Created attachment 9213 [details] Workaround patch Don't know if this is a correct fix but it's sufficient for me to continue working on kdgdb
Created attachment 9217 [details] Possible fix This one might be correct
Someone else tripped on this on IRC too. Repeating and expanding my thoughts here. There's a desire to merge "target remote" and "target extended-remote", and, it's fine to use multiprocess extensions even if you're only remote-debugging a single process, so probably "multiprocess extensions" is not the right predicate. Traditionally, you first load the binary in gdb, and then connect. gdb finds a process already running on the target side, and gdb assumes that that process is running the program you had loaded in gdb. In that case, you want the remote process to be bound to the pre-existing inferior 1. That's what that code is assuming, I think. A fix should probably be based on #1 - is there's no process yet, reuse inferior 1. #2 - add new inferiors for any other new process. #1 could probably also check whether the remote program the process is running is the same program that is loaded in inferior 1. E.g., by checking build ids. There's always tension between gdb trying to be smart, and becoming too smart that it ends up getting in the way, but in this case, it's probably desirable. Though TBC, I wouldn't do it or require it in scope of this bug. (A full fix for this will need a testsuite addition. Probably a testcase based on comment #9.)

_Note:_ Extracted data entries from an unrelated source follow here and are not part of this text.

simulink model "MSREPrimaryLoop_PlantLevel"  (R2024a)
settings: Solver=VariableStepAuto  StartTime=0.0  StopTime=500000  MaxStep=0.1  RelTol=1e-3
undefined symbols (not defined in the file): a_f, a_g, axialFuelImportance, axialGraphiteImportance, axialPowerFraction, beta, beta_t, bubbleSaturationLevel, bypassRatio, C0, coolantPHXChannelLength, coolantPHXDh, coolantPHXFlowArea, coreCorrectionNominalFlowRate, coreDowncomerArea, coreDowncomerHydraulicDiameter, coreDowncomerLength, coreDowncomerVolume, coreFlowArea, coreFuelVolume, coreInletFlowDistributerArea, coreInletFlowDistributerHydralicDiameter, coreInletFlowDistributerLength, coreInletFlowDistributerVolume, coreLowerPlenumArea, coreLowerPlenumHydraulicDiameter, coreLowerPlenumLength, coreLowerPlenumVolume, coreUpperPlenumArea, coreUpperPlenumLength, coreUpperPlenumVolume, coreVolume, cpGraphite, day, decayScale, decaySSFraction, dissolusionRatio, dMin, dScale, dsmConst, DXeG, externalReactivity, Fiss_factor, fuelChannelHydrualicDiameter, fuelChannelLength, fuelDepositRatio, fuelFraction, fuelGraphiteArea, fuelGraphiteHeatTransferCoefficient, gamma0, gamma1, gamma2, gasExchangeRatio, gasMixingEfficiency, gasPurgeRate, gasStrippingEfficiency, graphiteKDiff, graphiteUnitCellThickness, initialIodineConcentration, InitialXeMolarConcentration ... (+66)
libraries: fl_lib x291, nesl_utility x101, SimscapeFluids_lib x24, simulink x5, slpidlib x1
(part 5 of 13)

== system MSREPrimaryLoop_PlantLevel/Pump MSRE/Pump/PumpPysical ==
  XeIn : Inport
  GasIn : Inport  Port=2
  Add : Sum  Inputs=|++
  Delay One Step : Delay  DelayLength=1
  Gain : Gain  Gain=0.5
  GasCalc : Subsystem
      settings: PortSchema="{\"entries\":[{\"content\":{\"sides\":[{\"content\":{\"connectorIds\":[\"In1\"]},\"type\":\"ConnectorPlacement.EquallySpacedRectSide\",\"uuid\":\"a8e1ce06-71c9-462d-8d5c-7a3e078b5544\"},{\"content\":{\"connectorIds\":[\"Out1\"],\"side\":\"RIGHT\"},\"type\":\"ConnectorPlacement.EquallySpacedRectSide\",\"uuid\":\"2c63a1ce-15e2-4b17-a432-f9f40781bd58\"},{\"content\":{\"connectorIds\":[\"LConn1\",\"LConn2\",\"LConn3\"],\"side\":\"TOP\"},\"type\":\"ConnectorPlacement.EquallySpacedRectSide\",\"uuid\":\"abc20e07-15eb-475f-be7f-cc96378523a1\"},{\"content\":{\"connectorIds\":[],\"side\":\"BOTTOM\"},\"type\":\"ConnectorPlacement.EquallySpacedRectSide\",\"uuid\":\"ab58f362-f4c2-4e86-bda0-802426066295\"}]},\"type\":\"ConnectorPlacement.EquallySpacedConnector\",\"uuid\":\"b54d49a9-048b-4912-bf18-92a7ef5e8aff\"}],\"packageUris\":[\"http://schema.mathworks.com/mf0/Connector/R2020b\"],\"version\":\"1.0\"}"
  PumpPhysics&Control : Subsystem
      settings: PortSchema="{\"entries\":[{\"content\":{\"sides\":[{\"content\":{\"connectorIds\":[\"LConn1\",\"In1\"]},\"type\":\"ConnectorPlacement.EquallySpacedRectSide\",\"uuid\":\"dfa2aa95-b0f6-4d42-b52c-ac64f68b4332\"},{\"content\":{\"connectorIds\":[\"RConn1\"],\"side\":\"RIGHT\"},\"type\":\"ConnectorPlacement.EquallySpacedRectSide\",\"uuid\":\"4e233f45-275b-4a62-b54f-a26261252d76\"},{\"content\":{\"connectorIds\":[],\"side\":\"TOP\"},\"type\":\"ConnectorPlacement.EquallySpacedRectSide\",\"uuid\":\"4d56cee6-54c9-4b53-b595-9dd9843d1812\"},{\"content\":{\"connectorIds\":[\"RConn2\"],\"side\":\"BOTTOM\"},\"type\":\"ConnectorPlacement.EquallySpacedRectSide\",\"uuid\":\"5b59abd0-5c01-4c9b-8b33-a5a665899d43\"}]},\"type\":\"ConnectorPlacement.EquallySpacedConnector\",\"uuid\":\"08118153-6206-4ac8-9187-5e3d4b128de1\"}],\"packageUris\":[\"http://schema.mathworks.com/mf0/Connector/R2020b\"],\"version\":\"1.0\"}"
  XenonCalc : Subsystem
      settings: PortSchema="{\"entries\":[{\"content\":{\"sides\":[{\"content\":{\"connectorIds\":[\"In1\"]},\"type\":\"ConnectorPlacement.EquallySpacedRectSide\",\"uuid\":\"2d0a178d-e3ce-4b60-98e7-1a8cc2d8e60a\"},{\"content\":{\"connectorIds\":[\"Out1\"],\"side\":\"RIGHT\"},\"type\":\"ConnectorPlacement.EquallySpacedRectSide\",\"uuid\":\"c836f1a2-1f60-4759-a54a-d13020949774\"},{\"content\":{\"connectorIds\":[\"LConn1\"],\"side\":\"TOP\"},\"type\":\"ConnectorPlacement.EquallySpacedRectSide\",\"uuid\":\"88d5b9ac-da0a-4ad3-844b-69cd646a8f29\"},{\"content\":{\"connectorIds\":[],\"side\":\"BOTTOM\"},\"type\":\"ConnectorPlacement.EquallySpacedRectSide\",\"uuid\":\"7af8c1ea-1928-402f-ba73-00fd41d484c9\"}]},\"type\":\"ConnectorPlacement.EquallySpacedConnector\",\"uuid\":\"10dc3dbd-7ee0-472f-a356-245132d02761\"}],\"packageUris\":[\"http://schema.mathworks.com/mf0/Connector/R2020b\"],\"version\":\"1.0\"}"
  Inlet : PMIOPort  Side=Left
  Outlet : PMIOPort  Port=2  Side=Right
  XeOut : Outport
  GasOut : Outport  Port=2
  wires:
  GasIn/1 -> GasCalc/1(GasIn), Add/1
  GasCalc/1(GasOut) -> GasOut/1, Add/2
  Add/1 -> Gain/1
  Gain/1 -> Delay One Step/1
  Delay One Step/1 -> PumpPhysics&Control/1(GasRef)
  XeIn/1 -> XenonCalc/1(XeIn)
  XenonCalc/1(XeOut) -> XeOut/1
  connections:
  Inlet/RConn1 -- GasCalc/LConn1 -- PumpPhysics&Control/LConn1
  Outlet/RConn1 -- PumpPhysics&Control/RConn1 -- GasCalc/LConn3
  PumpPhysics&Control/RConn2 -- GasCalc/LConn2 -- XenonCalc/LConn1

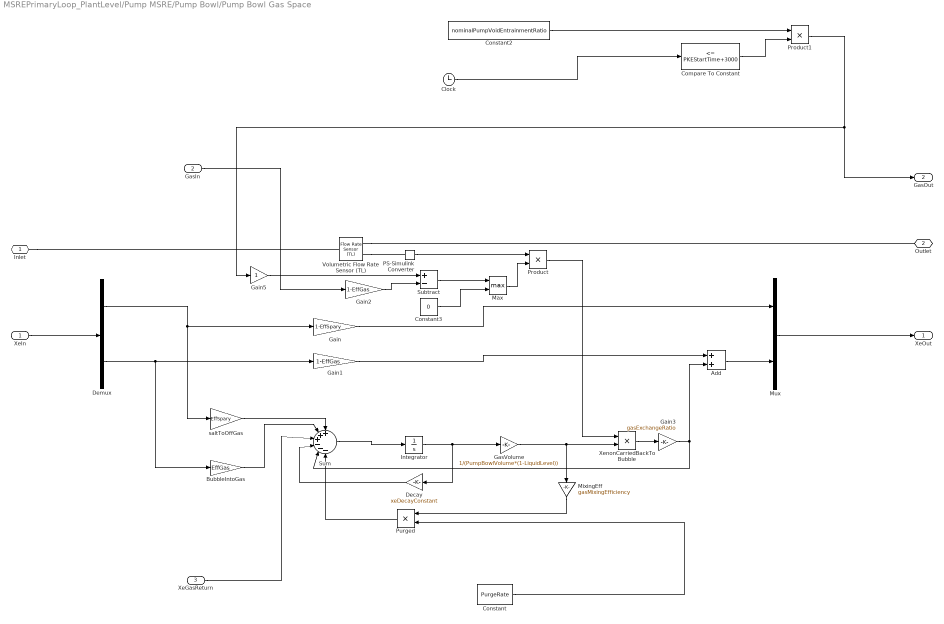
== system MSREPrimaryLoop_PlantLevel/Pump MSRE/Pump Bowl/Pump Bowl Gas Space ==
  XeIn : Inport  OutDataTypeStr=double  Unit=kg/s
  GasIn : Inport  Port=2
  XeGasReturn : Inport  Port=3
  Add : Sum
  BubbleIntoGas : Gain  Gain=EffGas
  Clock : Clock
  Compare To Constant : simulink/Logic and Bit Operations/Compare To Constant  relop=<=  const=PKEStartTime+3000  OutDataTypeStr=boolean
  Constant : Constant  Value=PurgeRate
  Constant2 : Constant  Value=nominalPumpVoidEntrainmentRatio
  Constant3 : Constant  Value=0
  Decay : Gain  Gain=xeDecayConstant
  Demux : Demux  Outputs=2
  Gain : Gain  Gain=1-EffSpary
  Gain1 : Gain  Gain=1-EffGas
  Gain2 : Gain  Gain=1-EffGas
  Gain3 : Gain  Gain=gasExchangeRatio
  Gain5 : Gain
  GasVolume : Gain  Gain=1/(PumpBowlVolume*(1-LiquidLevel))
  Integrator : Integrator  LimitOutput=on  LowerSaturationLimit=0
  Max : MinMax  Function=max  Inputs=2
  MixingEff : Gain  Gain=gasMixingEfficiency
  Mux : Mux  Inputs=2
  PS-Simulink Converter : nesl_utility/PS-Simulink Converter  PhysicalDomain=network_engine_domain  SubClassName=ps_output  LeftPortType=input  RightPortType=output  PseudoPeriodic=off  Frequencies=[]  VectorFormat=1-D array  Unit=inherit  AffineConversion=off
  Product : Product
  Product1 : Product
  Purged : Product
  Subtract : Sum  Inputs=+-
  Sum : Sum  Inputs=+++---
  Volumetric Flow Rate Sensor (TL) : fl_lib/Thermal Liquid/Sensors/Flow Rate Sensor (TL)  mass_flow_measure=false  volumetric_flow_measure=true  energy_flow_measure=false
      settings: InternalSimscapePortConfiguration="{\"Bottom\":[],\"Left\":[{\"id\":\"A\",\"label\":\"A\",\"type\":\"foundation.thermal_liquid.thermal_liquid\"}],\"Right\":[{\"id\":\"B\",\"label\":\"B\",\"type\":\"foundation.thermal_liquid.thermal_liquid\"},{\"id\":\"V\",\"label\":\"V\",\"type\":\"output\"}],\"Top\":[]}"
  XenonCarriedBackToBubble : Product
  saltToOffGas : Gain  Gain=EffSpary
  Inlet : PMIOPort  Side=Left
  Outlet : PMIOPort  Port=2  Side=Right
  XeOut : Outport
  GasOut : Outport  Port=2
  wires:
  XeIn/1 -> Demux/1
  Demux/2 -> Gain1/1, BubbleIntoGas/1
  Mux/1 -> XeOut/1
  Demux/1 -> saltToOffGas/1, Gain/1
  saltToOffGas/1 -> Sum/1
  BubbleIntoGas/1 -> Sum/2
  Integrator/1 -> Decay/1, GasVolume/1
  GasVolume/1 -> XenonCarriedBackToBubble/2, MixingEff/1
  MixingEff/1 -> Purged/1
  Sum/1 -> Integrator/1
  Decay/1 -> Sum/4
  Gain/1 -> Mux/1
  PS-Simulink Converter/1 -> Product/1
  Product/1 -> XenonCarriedBackToBubble/1
  GasIn/1 -> Gain2/1
  Gain1/1 -> Add/1
  Add/1 -> Mux/2
  Product1/1 -> Gain5/1, GasOut/1
  Gain2/1 -> Subtract/2
  Purged/1 -> Sum/6
  XeGasReturn/1 -> Sum/3
  XenonCarriedBackToBubble/1 -> Gain3/1
  Gain3/1 -> Add/2, Sum/5
  Gain5/1 -> Subtract/1
  Subtract/1 -> Max/1
  Max/1 -> Product/2
  Constant3/1 -> Max/2
  Constant/1 -> Purged/2
  Compare To Constant/1 -> Product1/2
  Clock/1 -> Compare To Constant/1
  Constant2/1 -> Product1/1
  connections:
  Inlet/RConn1 -- Volumetric Flow Rate Sensor (TL)/LConn1
  Volumetric Flow Rate Sensor (TL)/RConn1 -- Outlet/RConn1
  Volumetric Flow Rate Sensor (TL)/RConn2 -- PS-Simulink Converter/LConn1

== system MSREPrimaryLoop_PlantLevel/Pump MSRE/Pump Bowl/Salt Space ==
  XeIn : Inport
  GasIn : Inport  Port=2
  Clock : Clock
  Compare To Constant : simulink/Logic and Bit Operations/Compare To Constant  relop=<=  const=PKEStartTime+3000  OutDataTypeStr=boolean
  Constant : Constant  Value=nominalPumpVoidDischargeRatio
  Constant Volume Chamber (TL) : fl_lib/Thermal Liquid/Elements/Constant Volume Chamber (TL)  volume=PumpBowlVolume*LiquidLevel m^3  num_ports=foundation.enum.num_ports.two  area_A=1 m^2  area_B=1 m^2  area_C=0.01 m^2  area_D=0.01 m^2  p_I_specify=on  p_I_priority=High  p_I=P0 Pa  p_I_nominal_specify=off  p_I_nominal_value=1  p_I_nominal_unit=MPa  T_I_specify=on  T_I_priority=None  T_I=T0 K  T_I_nominal_specify=off  T_I_nominal_value=1  T_I_nominal_unit=K  u_I_specify=on  u_I_priority=None  u_I=cpMSRE J/kg  u_I_nominal_specify=off  u_I_nominal_value=1  u_I_nominal_unit=kJ/kg  rho_I_specify=on  rho_I_priority=None  rho_I=nominalFuelDensity kg/m^3  rho_I_nominal_specify=off  rho_I_nominal_value=1  rho_I_nominal_unit=kg/m^3
      settings: InternalSimscapePortConfiguration="{\"Bottom\":[],\"Left\":[{\"id\":\"A\",\"label\":\"A\",\"type\":\"foundation.thermal_liquid.thermal_liquid\"},{\"id\":\"H\",\"label\":\"H\",\"type\":\"foundation.thermal.thermal\"}],\"Right\":[{\"id\":\"B\",\"label\":\"B\",\"type\":\"foundation.thermal_liquid.thermal_liquid\"}],\"Top\":[]}"
  GasCalc : Subsystem  mask{PipeVolume=PumpBowlVolume*LiquidLevel}
      mask prompts: PipeVolume "Volume"
      settings: PortSchema="{\"entries\":[{\"content\":{\"sides\":[{\"content\":{\"connectorIds\":[\"In1\"]},\"type\":\"ConnectorPlacement.EquallySpacedRectSide\",\"uuid\":\"a8e1ce06-71c9-462d-8d5c-7a3e078b5544\"},{\"content\":{\"connectorIds\":[\"Out1\"],\"side\":\"RIGHT\"},\"type\":\"ConnectorPlacement.EquallySpacedRectSide\",\"uuid\":\"2c63a1ce-15e2-4b17-a432-f9f40781bd58\"},{\"content\":{\"connectorIds\":[\"LConn1\"],\"side\":\"TOP\"},\"type\":\"ConnectorPlacement.EquallySpacedRectSide\",\"uuid\":\"abc20e07-15eb-475f-be7f-cc96378523a1\"},{\"content\":{\"connectorIds\":[],\"side\":\"BOTTOM\"},\"type\":\"ConnectorPlacement.EquallySpacedRectSide\",\"uuid\":\"ab58f362-f4c2-4e86-bda0-802426066295\"}]},\"type\":\"ConnectorPlacement.EquallySpacedConnector\",\"uuid\":\"b54d49a9-048b-4912-bf18-92a7ef5e8aff\"}],\"packageUris\":[\"http://schema.mathworks.com/mf0/Connector/R2020b\"],\"version\":\"1.0\"}"
  Perfect Insulator : fl_lib/Thermal/Thermal Elements/Perfect Insulator  T_specify=off  T_priority=None  T=0 K  T_nominal_specify=off  T_nominal_value=1  T_nominal_unit=K
  Product1 : Product
  Volumetric Flow Rate Sensor (TL) : fl_lib/Thermal Liquid/Sensors/Flow Rate Sensor (TL)  mass_flow_measure=false  volumetric_flow_measure=true  energy_flow_measure=false
      settings: InternalSimscapePortConfiguration="{\"Bottom\":[],\"Left\":[{\"id\":\"A\",\"label\":\"A\",\"type\":\"foundation.thermal_liquid.thermal_liquid\"}],\"Right\":[{\"id\":\"B\",\"label\":\"B\",\"type\":\"foundation.thermal_liquid.thermal_liquid\"},{\"id\":\"V\",\"label\":\"V\",\"type\":\"output\"}],\"Top\":[]}"
  XenonCalcBowl : Subsystem  mask{PipeVolume=PumpBowlVolume*LiquidLevel, dsm=0.005*dScale, km=0.0001}
      mask prompts: PipeVolume "Volume"; dsm "Sauter Mean Diameter"; km "Mass Transfer Coefficient"
      settings: PortSchema="{\"entries\":[{\"content\":{\"sides\":[{\"content\":{\"connectorIds\":[\"LConn1\",\"In1\",\"In2\"]},\"type\":\"ConnectorPlacement.EquallySpacedRectSide\",\"uuid\":\"82f8e7e7-fd89-4597-952e-64db268d0190\"},{\"content\":{\"connectorIds\":[\"RConn1\",\"Out1\",\"Out2\"],\"side\":\"RIGHT\"},\"type\":\"ConnectorPlacement.EquallySpacedRectSide\",\"uuid\":\"4b3edad1-18f8-43fa-96ee-a24bb3384b59\"},{\"content\":{\"connectorIds\":[],\"side\":\"TOP\"},\"type\":\"ConnectorPlacement.EquallySpacedRectSide\",\"uuid\":\"43d4f51d-f841-40d6-804e-7f238a90dabe\"},{\"content\":{\"connectorIds\":[],\"side\":\"BOTTOM\"},\"type\":\"ConnectorPlacement.EquallySpacedRectSide\",\"uuid\":\"350f2274-4108-4e6e-a637-0ae7118de3f0\"}]},\"type\":\"ConnectorPlacement.EquallySpacedConnector\",\"uuid\":\"d7e795ea-9d5d-4a8c-83ab-dab42197cc2f\"}],\"packageUris\":[\"http://schema.mathworks.com/mf0/Connector/R2020b\"],\"version\":\"1.0\"}"
  Inlet : PMIOPort  Side=Left
  Outlet : PMIOPort  Port=2  Side=Right
  XeOut : Outport
  GasOut : Outport  Port=2
  XeGasReturn : Outport  Port=3
  wires:
  XeIn/1 -> XenonCalcBowl/1(XeIn)
  XenonCalcBowl/1(XeOut) -> XeOut/1
  GasIn/1 -> GasCalc/1(GasIn)
  GasCalc/1(AverageVoid) -> XenonCalcBowl/2(GasVoid)
  XenonCalcBowl/2(XeGasReturn) -> XeGasReturn/1
  Product1/1 -> GasOut/1
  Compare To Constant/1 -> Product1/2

I don't know if it makes sense to allow add-inferior and then connect to a remote, surely the remote dictates the inferior list? Actually found the second version of the patch to be rather unstable as some other part of gdb is making assumptions about the current inferior
Just a quick note, Andrew's patch seems to fix crashes I've had with my own GDB stub, too. The stub is used in a similar environment within an emulator project, in which many guest-processes run on top of a high-level emulated OS. I don't have it tested extensively enough to judge the stability of those patches, but currently it seems to be working all fine without any further issues.